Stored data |
*** Begin section ***

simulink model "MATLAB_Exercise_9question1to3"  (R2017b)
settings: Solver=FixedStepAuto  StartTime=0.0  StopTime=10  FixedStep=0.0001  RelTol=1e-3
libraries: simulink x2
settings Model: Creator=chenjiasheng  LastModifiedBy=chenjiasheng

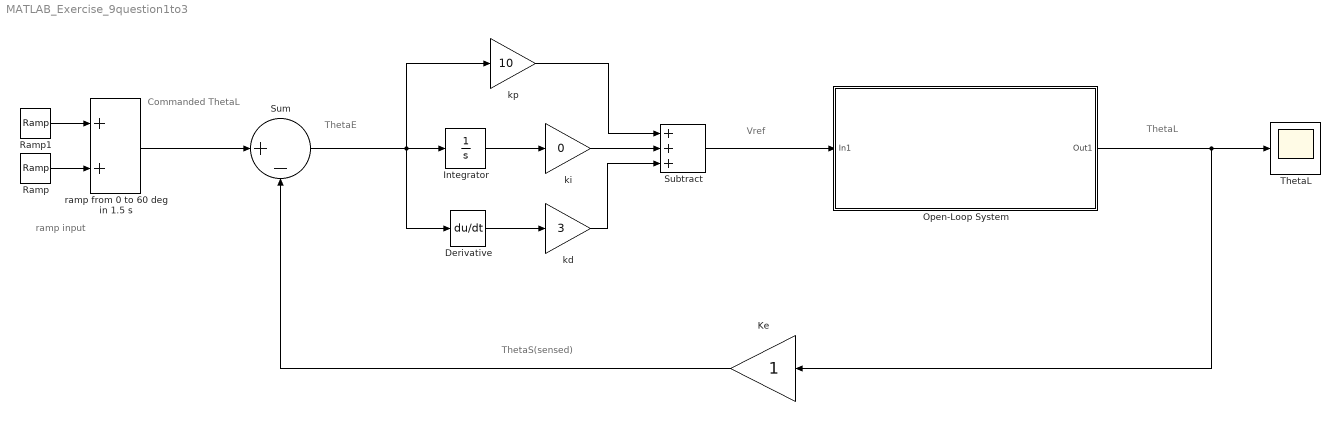
== system MATLAB_Exercise_9question1to3 ==
  note: ramp input
  note: Vref
  note: ThetaE
  note: ThetaS(sensed)
  note: ThetaL
  note: Commanded
      | ThetaL
  Derivative : Derivative
  Integrator : Integrator
  Ke : Gain
  Open-Loop System : Subsystem
  Ramp : simulink/Sources/Ramp  slope=40  start=0  X0=0
  Ramp1 : simulink/Sources/Ramp  slope=-40  start=1.5  X0=0
  Subtract : Sum  Inputs=+++
  Sum : Sum  Inputs=|+-
  ThetaL : Scope
  kd : Gain  Gain=3
  ki : Gain  Gain=0
  kp : Gain  Gain=10
  ramp from 0 to 60 deg in 1.5 s : Sum
  wires:
  Open-Loop System/1(Out1) -> Ke/1, ThetaL/1
  Sum/1 -> Derivative/1, Integrator/1, kp/1
  kp/1 -> Subtract/1
  Subtract/1 -> Open-Loop System/1(In1)
  Ke/1 -> Sum/2
  Integrator/1 -> ki/1
  ki/1 -> Subtract/2
  kd/1 -> Subtract/3
  Derivative/1 -> kd/1
  Ramp1/1 -> ramp from 0 to 60 deg in 1.5 s/1
  Ramp/1 -> ramp from 0 to 60 deg in 1.5 s/2
  ramp from 0 to 60 deg in 1.5 s/1 -> Sum/1

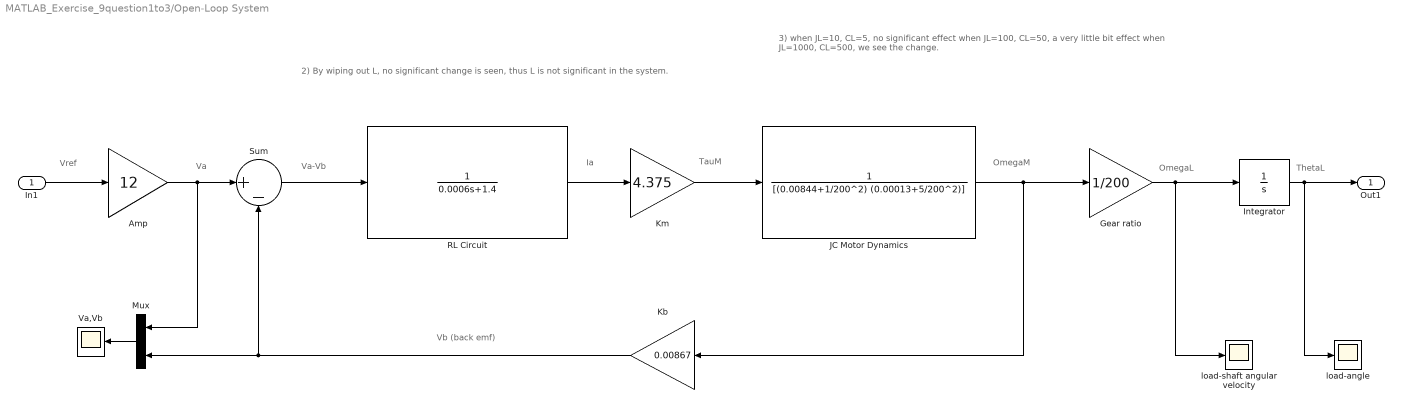
== system MATLAB_Exercise_9question1to3/Open-Loop System ==
  note: 3) when JL=10, CL=5, no significant effect
      | when JL=100, CL=50, a very little bit effect
      | when JL=1000, CL=500, we see the change.
  note: 2) By wiping out L, no significant change is seen, thus L is not significant in the system.
  note: OmegaL
  note: OmegaM
  note: TauM
  note: Ia
  note: Va-Vb
  note: Va
  note: Vb (back emf)
  note: Vref
  note: ThetaL
  In1 : Inport
  " load-shaft angular velocity" : Scope
  Amp : Gain  Gain=12
  Gear ratio : Gain  Gain=1/200
  Integrator : Integrator
  JC Motor Dynamics : TransferFcn  Denominator=[(0.00844+1/200^2) (0.00013+5/200^2)]
  Kb : Gain  Gain=0.00867
  Km : Gain  Gain=4.375
  Mux : Mux  Inputs=2
  RL Circuit : TransferFcn  Denominator=[0.0006 1.4]
  Sum : Sum  Inputs=|+-
  Va,Vb : Scope
  load-angle : Scope
  Out1 : Outport
  wires:
  RL Circuit/1 -> Km/1
  Amp/1 -> Sum/1, Mux/1
  Sum/1 -> RL Circuit/1
  Km/1 -> JC Motor Dynamics/1
  JC Motor Dynamics/1 -> Kb/1, Gear ratio/1
  Kb/1 -> Mux/2, Sum/2
  Gear ratio/1 -> " load-shaft angular velocity"/1, Integrator/1
  In1/1 -> Amp/1
  Integrator/1 -> load-angle/1, Out1/1
  Mux/1 -> Va,Vb/1

*** End section ***

Reproduce the entries above exactly, but only the lines between the line holding "note: Vb (back emf)" and the line holding "Kb/1 -> Mux/2, Sum/2", inclusive.

Output of the exercise |
  note: Vb (back emf)
  note: Vref
  note: ThetaL
  In1 : Inport
  " load-shaft angular velocity" : Scope
  Amp : Gain  Gain=12
  Gear ratio : Gain  Gain=1/200
  Integrator : Integrator
  JC Motor Dynamics : TransferFcn  Denominator=[(0.00844+1/200^2) (0.00013+5/200^2)]
  Kb : Gain  Gain=0.00867
  Km : Gain  Gain=4.375
  Mux : Mux  Inputs=2
  RL Circuit : TransferFcn  Denominator=[0.0006 1.4]
  Sum : Sum  Inputs=|+-
  Va,Vb : Scope
  load-angle : Scope
  Out1 : Outport
  wires:
  RL Circuit/1 -> Km/1
  Amp/1 -> Sum/1, Mux/1
  Sum/1 -> RL Circuit/1
  Km/1 -> JC Motor Dynamics/1
  JC Motor Dynamics/1 -> Kb/1, Gear ratio/1
  Kb/1 -> Mux/2, Sum/2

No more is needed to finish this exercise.